I have a name for those who insist on wearing the Euro wear and are more concerned about thier appearance then thier performance. I call them peacocks. Don't let anyone tell you different. Sure you might look cool but if looking cool is better then getting owned by a weekend warrior on his huffy with a 1980 helmet and shorts with holes then feel free to spend gobs of money on that stuff.

Samantha


----------



## Anonymous447 (Dec 11, 2008)

So, a failed wannabe pro is publishing the Top Ten ways to avoid looking like a Tool? Does anyone else see the irony here? Kurt, suggestion number one, stop trying to recreate your "glory days", and just ride!


----------



## Anonymous448 (Dec 11, 2008)

I wish I could fit into that La Vie Claire jersey without looking like the Michelin man. Were all freds as far as i'm concerned.


----------



## Anonymous134 (May 14, 2008)

Haha...great article Kurt!

How 'bout this one:

-When it's your turn to pull the paceline, don't rocket up to 5 mph faster than the paceline was already going! I've seen newbies commit this faux pas a few times.


----------



## Anonymous437 (Dec 10, 2008)

Observation taken, Lance, but I don't really see the irony. Now on the other hand, if, perchance, your last name is Armstrong, irony abounds in your comment about re-living the 'glory days'. Good luck in '09, buddy!


----------



## Anonymous443 (Dec 11, 2008)

Why call the article says "10 tips to avoid looking like a cycling rookie", and then only describe road racing/training, the "roadie" culture? Is that the only legitimate way to bicycle? I don't doubt what you write is true for some people, but "cycling" is a pretty wide and diverse sport. Even "road" cycling is pretty all inclusive - look at all the different forums on the RBR! Do roadies really point and laugh at a commuter with reflectors or a randoneer with a large saddlebag or a hipster on a fixed gear with hairy legs or a car-free lifestyle cyclist peddling an Xtra-cycle in non-lycra street clothes? And that's not even including the various groups of "off-road" cyclists. Actually, I think nearly every group of cyclists have their own unwritten rules of what is "cool" and what newbie's look like or do.

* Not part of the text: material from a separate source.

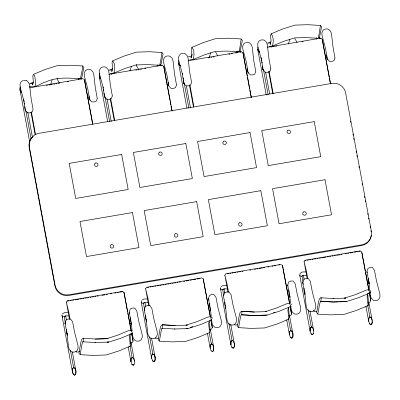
<?xml version="1.0" encoding="UTF-8"?>
<svg xmlns="http://www.w3.org/2000/svg" width="400" height="400" viewBox="0 0 400 400"><rect width="100%" height="100%" fill="white"/><g stroke="black" fill="none" stroke-linecap="round" stroke-linejoin="round"><path stroke-width="0.6" d="M66.325 329.08L66.32 331.89L67.28 335.235L67.235 332.945M130.5 317.575L130.495 320.95L131.455 324.295M145.57 315.57L145.56 318.38L146.52 321.725L146.475 319.43M209.745 303.5L209.735 307.435L210.695 310.78M224.81 302.055L224.8 304.87L225.76 308.215L225.715 305.92M288.985 289.99L288.975 293.925L289.935 297.27L289.91 296.125M304.05 287.98L304.04 291.355L305 294.7L304.945 291.835M369.14 282.04L369.175 283.76L368.215 280.415L368.22 278.165M74.715 375.165L73.305 374.24L72.385 371.58L72.495 368.745L73.57 367.395L70.4 350.335M75.81 373.25L75.9 370.98L72.365 351.955M131.035 342.585L134.455 360.995L134.4 363.955L133.325 365.305L131.92 364.375L130.94 361.595L131.05 358.76L132.125 357.41L129.975 345.835M131 361.715L131.11 358.88L132.185 357.53L133.595 358.455M151.685 358.19L151.795 355.355L152.87 354.005L154.28 354.93L155.195 357.59L155.085 360.425L154.01 361.775L152.6 360.85L151.625 358.07L151.735 355.235L152.81 353.885L149.64 336.825M151.605 338.445L155.14 357.47L155.03 360.305L153.955 361.655L152.545 360.73M210.24 348.205L210.29 345.25L211.365 343.9L209.215 332.32M233.46 341.3L234.44 344.08L234.325 346.915L233.25 348.265L231.84 347.335L230.865 344.555L230.975 341.72L232.05 340.37L228.88 323.31M230.925 344.68L231.035 341.84L232.11 340.49M289.48 334.695L289.59 331.855L290.665 330.505L292.075 331.435L292.995 334.095L292.885 336.93L291.81 338.28L290.4 337.355L289.42 334.57L289.53 331.735L290.605 330.385L288.455 318.81M289.515 315.56L292.935 333.975L292.825 336.81L291.75 338.16L290.34 337.23M309.97 310.81L313.62 330.445L313.565 333.4L312.49 334.75L311.085 333.825L310.105 331.045L310.215 328.21L311.29 326.86L308.12 309.8M310.165 331.165L310.275 328.33L311.35 326.98L312.76 327.905M369.845 316.875L371.255 317.8L372.235 320.58L372.125 323.415L371.05 324.765L369.64 323.84L368.66 321.06L368.77 318.225L369.845 316.875L367.695 305.3M368.72 321.18L368.83 318.345L369.905 316.995L371.315 317.92M372.13 321.595L372.065 323.295L370.99 324.645L369.58 323.72M130.36 343.01A295.885 52.675 -10.5 0 0 132.19 342.665L133.06 341.1L131.705 333.365M209.6 329.5A295.885 52.675 -10.5 0 0 211.43 329.155L212.3 327.59L210.945 319.855M288.84 315.985A295.885 52.675 -10.5 0 0 290.67 315.645L291.54 314.08L290.185 306.345M368.08 302.475A295.885 52.675 -10.5 0 0 369.91 302.13L370.785 300.565L369.425 292.83M127.615 311.96L123.985 292.375L131.15 330.355M174.295 329.005L187.875 328.605L200.16 324.71L211.65 319.895L210.24 316.73L203.225 278.86L210.39 316.845M282.915 267.85L282.465 265.35L289.63 303.335M175.135 325.535L162.795 324.82L162.42 328.29L161.94 328.285L161.07 331.565L159.365 341.16L171.985 341.89L185.34 341.47L198.025 337.45L209.605 332.59L208.63 323.455L209.395 320.715M254.375 312.02L242.035 311.305L241.66 314.775L241.18 314.775L240.31 318.055L238.605 327.645L251.225 328.38L264.58 327.96L277.265 323.94L288.845 319.08L287.87 309.945L288.635 307.205M81.8 77.685L83.86 67.48L82.675 65.975L82.415 69L80.38 78.805C68.78 78 56.735 76.895 45.855 81.915C40.56 83.185 35.245 88.575 29.55 86.305M112.19 70.46L111.74 71.515L112.59 68.015L112.03 62.44L112.685 60.855L124.17 56.035L136.46 52.14L149.395 51.735L161.95 52.48L160.545 61.69L159.62 65.295L147.46 64.59L135.99 64.95L125.095 68.4L113.935 73.085L110.45 73.38M191.43 56.945L190.98 58.005L191.83 54.5L191.27 48.93L191.925 47.345L203.41 42.525L215.7 38.63L228.635 38.225L241.19 38.965L239.785 48.175L238.86 51.78L226.7 51.075L215.23 51.435L204.335 54.89L193.175 59.57L189.69 59.87M270.67 43.435L270.22 44.49L271.07 40.99L270.51 35.415L271.165 33.83L282.65 29.015L294.94 25.12L307.875 24.71L320.43 25.455L319.025 34.665L318.1 38.27L305.94 37.565L294.47 37.925L283.575 41.38L272.415 46.06L268.93 46.355M62.5 317.54L62.6 316.555M210.06 346.575L210.16 345.59M289.3 333.06L289.4 332.08M317.815 313.92L319.55 304.54L320.42 301.265L320.9 301.265L321.275 297.795L320.77 297.795L319.35 298.91L318.455 302.28L316.655 312.745L317.845 314.135L330.465 314.865L343.82 314.445L356.505 310.425L368.085 305.57L368.735 303.96L367.77 294.89M72.385 371.58L62.005 315.735L62.23 314.665M151.625 358.07L141.245 302.225L141.47 301.15M230.865 344.555L220.485 288.71L220.71 287.64M310.105 331.045L299.725 275.2L300.175 273.28L302.375 271.99L305.77 271.905M34.695 86.595C36.4 85.895 34.905 70.19 32.79 75.955L33.35 81.525L32.5 85.025L32.95 83.97M113.935 73.085C115.055 69.265 115.38 63.955 112.685 60.855M192.21 54.115L191.65 56.42L188.22 56.71M193.175 59.57C194.295 55.75 194.62 50.44 191.925 47.345M272.415 46.06C273.54 42.24 273.86 36.93 271.165 33.83M50.665 84.5L52.195 79.85M129.905 70.99L131.435 66.335M209.01 58.025L210.675 52.825M288.385 43.965L289.915 39.315M161.04 64.175L163.1 53.97L161.95 52.48M240.28 50.665L242.34 40.455L241.19 38.965M319.52 37.15L321.58 26.945L320.43 25.455M80.095 354.455L78.935 353.28L80.735 342.815L81.63 339.445L83.05 338.33L83.555 338.33L83.18 341.8L82.7 341.8L81.83 345.08L80.125 354.67L92.745 355.4L106.1 354.985L118.785 350.96L130.365 346.105L129.39 336.97L130.31 333.68M368.03 293.145L367.11 296.435L368.085 305.57L367.76 305.405M64.975 323.115L66.17 319.805L68.29 318.97L70.56 319.055L72.585 321.815L74.57 332.225L77.985 345.41L78.105 348.115L76.975 350.725A5.14 5.04 14.6 0 1 71.295 351.695L69.325 349.61L68.51 347.03L67.05 333.51L64.975 323.115L65.455 324.21M132.15 331.17L131.225 322.565L129.15 312.17L130.345 308.86L132.465 308.025L134.735 308.11L136.76 310.875L138.745 321.285L142.16 334.47L142.28 337.17L141.145 339.785A5.14 5.04 14.6 0 1 135.47 340.75L133.5 338.67L132.68 336.085L132.35 333.015M144.215 309.6L145.41 306.29L147.53 305.455L149.8 305.54L151.825 308.305L153.81 318.715L157.225 331.9L157.345 334.6L156.215 337.215A5.14 5.04 14.6 0 1 150.535 338.185L148.57 336.1L147.75 333.515L146.29 319.995L144.215 309.6L144.695 310.695M211.39 317.66L210.465 309.055L208.39 298.66L209.585 295.35L211.705 294.515L213.975 294.6L216 297.36L217.985 307.775L221.4 320.96L221.52 323.66L220.385 326.27A5.14 5.04 14.6 0 1 214.71 327.24L212.74 325.155L211.92 322.575L211.59 319.5M290.565 303.53L289.705 295.545L287.63 285.145L288.825 281.835L290.945 281L293.215 281.09L295.24 283.85L297.225 294.26L300.64 307.445L300.76 310.145L299.625 312.76A5.14 5.04 14.6 0 1 293.95 313.73L291.98 311.645L291.16 309.06L290.83 305.99M302.695 282.58L303.89 279.265L306.01 278.43L308.28 278.52L310.305 281.28L312.29 291.69L315.705 304.875L315.825 307.58L314.695 310.19A5.14 5.04 14.6 0 1 309.015 311.16L307.05 309.075L306.23 306.495L304.77 292.975L302.695 282.58L303.42 284.22M369.805 290.02L368.945 282.03L366.87 271.635L368.065 268.325L370.185 267.49L372.455 267.575L374.48 270.335L376.465 280.75L379.88 293.935L380 296.635L378.865 299.25A5.14 5.04 14.6 0 1 373.19 300.215L371.22 298.13L370.4 295.55L370.07 292.48M57.445 78.025L57.065 79.02L59.385 83.015M136.685 64.51L136.305 65.505L138.905 69.98M179.59 54.77L178.48 57.295L178.625 59.9L182.095 72.885L183.965 83.73L186.165 85.82L188.445 85.855L190.555 85.07L191.575 82.43L189.61 71.605L188.105 58.285L187.26 55.8L185.27 53.8A5.14 5.04 14.6 0 0 183.66 53.375M69.505 319.35L66.355 302.2L68.655 311.39L70.02 319.14M148.745 305.84L145.595 288.69L147.895 297.875L149.265 305.63M227.985 292.325L224.835 275.18L227.135 284.365L228.505 292.115M307.225 278.815L304.075 261.665L306.375 270.855L307.745 278.605M368.215 280.415L368.7 279.635M66.3 302.29L67.085 301.09A296.165 52.725 -10.5 0 0 68.895 300.815M145.54 288.78L146.325 287.58M224.78 275.265L225.565 274.065M304.02 261.755L304.805 260.555A296.165 52.725 -10.5 0 0 306.015 260.37M75.07 374.715L75.79 373.815M133.985 364.28L133.27 365.18L131.86 364.255M210.35 345.37L211.425 344.02L212.835 344.945M212.51 351.67L213.585 350.32L213.695 347.485L210.275 329.075M313.51 333.28L312.435 334.63L311.025 333.705M20.72 86.86L20.04 87.63L20.055 89.985L21.095 92.165M20.74 87.145L20.055 87.91L20.07 90.265L29.765 142.43M99.96 73.35L99.28 74.115L99.31 76.755L107.635 121.555M162.795 324.82L162.29 324.815L160.87 325.935L159.975 329.305L158.175 339.77L159.335 340.945M242.035 311.305L241.53 311.305L240.11 312.425L239.215 315.79L237.415 326.255L238.575 327.435M62.45 313.815L64.655 312.525L68.05 312.44M141.695 300.3L143.895 299.015L147.29 298.93M220.935 286.79L223.135 285.5L226.53 285.415M105.07 97.23L104.33 96.655L105.09 96.2M184.68 84L183.57 83.145L184.335 82.685M263.92 70.49L262.81 69.635L263.575 69.175M65.295 316.21L64.175 316.825L62.81 316.63L62.005 315.735M144.535 302.695L143.415 303.315L142.05 303.12L141.245 302.225M223.775 289.185L222.655 289.805L221.29 289.605L220.485 288.71M303.015 275.67L301.895 276.29L300.53 276.095L299.725 275.2M33.445 74.37L44.93 69.55L57.22 65.655L70.155 65.25L82.675 65.975M33.6 82.115L29.74 83.735L33.17 83.44M112.84 68.605L108.98 70.225L112.41 69.93M270.77 41.81L267.46 43.2L270.89 42.905M95.215 339.035L106.71 338.675L117.625 335.215L128.79 330.53L131 330.24L132.355 332.955L132.41 333.405L120.92 338.225L108.635 342.12L95.055 342.515M108.485 341.76L107.32 342.13L108.635 342.12M190.055 327.51L192.97 326.585M273.375 312.705L275.12 312.15M241.66 314.775L254.18 315.5L267.115 315.095L279.4 311.2L290.89 306.38L289.48 303.215L287.27 303.505L276.105 308.19L265.19 311.65L266.57 311.64L253.7 312.01L241.53 311.305M320.9 301.265L333.42 301.99L346.355 301.585L358.64 297.69L370.13 292.87L370.785 291.29L370.505 290.5M83.14 78.65L29.545 87.81M162.38 65.14L108.785 74.295M241.62 51.625L188.025 60.785M320.86 38.115L267.265 47.275M122.695 291.38L67.235 300.835M201.935 277.865L146.475 287.325M281.175 264.355L225.715 273.81M360.415 250.845L304.955 260.3M87.87 98.035L89.065 97.825M167.11 84.525L168.305 84.31M246.35 71.01L247.545 70.8M325.59 57.5L326.785 57.29M368.555 293.075L370.13 292.87L368.72 289.705L366.51 289.995L355.345 294.675L344.43 298.135L345.81 298.125L332.94 298.5M210.24 316.73L208.03 317.015L196.865 321.7L185.95 325.16L187.33 325.15L174.455 325.52L162.29 324.815M210.6 320.03L211.65 319.895M131.36 333.545L132.41 333.405M338.295 301.805L332.775 301.98L320.42 301.265M339.52 301.765L346.355 301.585M267.115 315.095L253.535 315.49L241.18 314.775M186.56 328.62L187.875 328.605M106.71 338.675L108.09 338.66L95.895 339.045L83.05 338.33M320.77 297.795L333.615 298.51M161.94 328.285L174.94 329.015M82.7 341.8L95.7 342.525M238.1 51.615L238.86 51.78M158.86 65.125L159.62 65.295M79.62 78.64L80.38 78.805M259.79 52.115L258.815 51.63L257.775 49.45M259.805 52.395L258.835 51.91L257.79 49.73L257.76 47.09M180.55 65.625L179.575 65.14L178.535 62.96M180.565 65.91L179.595 65.425L178.55 63.245L178.52 60.605M288.52 318.915L288.845 319.08M209.28 332.43L209.605 332.59M130.04 345.94L130.365 346.105M330.575 83.975L322.305 39.615L322.195 39.16L320.865 38.425A295.885 52.675 -10.5 0 1 319.645 38.65L319.075 37.51M241.625 51.935L243.065 53.13L251.335 97.485M162.385 65.445L163.825 66.64L172.095 111M83.575 79.215L84.435 79.73L84.54 80.305M360.405 251.075L361.795 252.075L368.98 290.425M281.595 264.87L282.465 265.43M202.355 278.38L203.225 278.94M123.98 292.455L122.685 291.61A296.165 52.725 -10.5 0 1 119.635 292.18M311.29 326.86L312.7 327.785L313.68 330.565M290.605 330.385L292.015 331.315L292.935 333.975M232.05 340.37L233.52 341.42M231.785 347.215L233.195 348.145L234.27 346.795L234.38 343.955L230.73 324.32M211.365 343.9L212.775 344.825L213.755 347.605L213.64 350.44L212.57 351.79L211.1 350.745M152.81 353.885L154.22 354.81L155.14 357.47M132.125 357.41L133.535 358.335L134.515 361.115M73.57 367.395L74.98 368.32L75.955 371.1L75.845 373.94L74.77 375.29L73.36 374.36L72.445 371.7L72.555 368.865L73.63 367.515L75.04 368.44M328.095 59.545L326.985 58.69L326.68 55.235M248.485 72.775L247.745 72.2L247.44 68.745M90.37 100.085L89.265 99.225L88.96 95.77M25.83 110.74L25.09 110.17L24.785 106.71M313.16 310.46L314.35 311.605A295.885 52.675 -10.5 0 0 316.765 311.235M234.315 324.355L235.11 325.115A295.885 52.675 -10.5 0 0 237.525 324.745M155.075 337.865L155.87 338.63A295.885 52.675 -10.5 0 0 158.285 338.26M75.835 351.38L76.63 352.14A295.885 52.675 -10.5 0 0 79.65 351.675M26.825 80.74L28.71 82.64M322.195 39.16L329.19 77.1M242.955 52.67L247.22 75.925M163.715 66.185L170.025 100.455M297.105 42.48L294.785 38.48M217.865 55.99L215.545 51.995M291.26 304.01L291.545 304.8M212.02 317.52L212.3 318.31M319.06 37.23L319.845 38.865M239.82 50.74L240.605 52.375M239.835 51.025L240.36 52.115M160.58 64.25L161.1 65.345M160.595 64.535L161.12 65.625M99.295 76.47L100.335 78.65M99.31 76.755L100.355 78.935M81.34 77.765L81.86 78.855M81.355 78.05L81.88 79.14M20.07 90.265L21.115 92.45M366.87 271.635L367.35 272.73M287.63 285.145L288.11 286.24M208.39 298.66L209.11 300.3M129.15 312.17L129.87 313.815M211.16 350.865L210.18 348.085L207.445 333.355M28.78 82.82L29.625 85.31L31.13 98.63L33.095 109.455L32.075 112.095L29.965 112.88L27.685 112.845L25.485 110.755L23.615 99.91L20.145 86.925L20 84.32L21.11 81.795A5.14 5.04 14.6 0 1 22.97 80.66M370.78 300.635L369.43 293.4M291.54 314.15L290.19 306.91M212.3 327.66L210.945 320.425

I'd love to see Grant Peterson's reaction to this article - now THAT would be entertaining.


----------



## Anonymous449 (Dec 11, 2008)

I have to agree so much with #1... No FULL cycling kits unless you are sponsored or are supporting a cause etc. Sure a current team jersey of your favourite team but please, black shorts.


----------



## CFBlue (Jun 28, 1999)

Found a lot of this informative, but as far as reflectors and shaved legs...I think I'll go my own way on those. I ride for fun and exercise, if that means I'm not a "cyclist", well then so be it.


----------



## Anonymous436 (Dec 10, 2008)

Wow, lots of thoughts on this one.

FR, I don't agree with your analogy comparing proper dinner etiquette to what to wear cycling, but that's just me.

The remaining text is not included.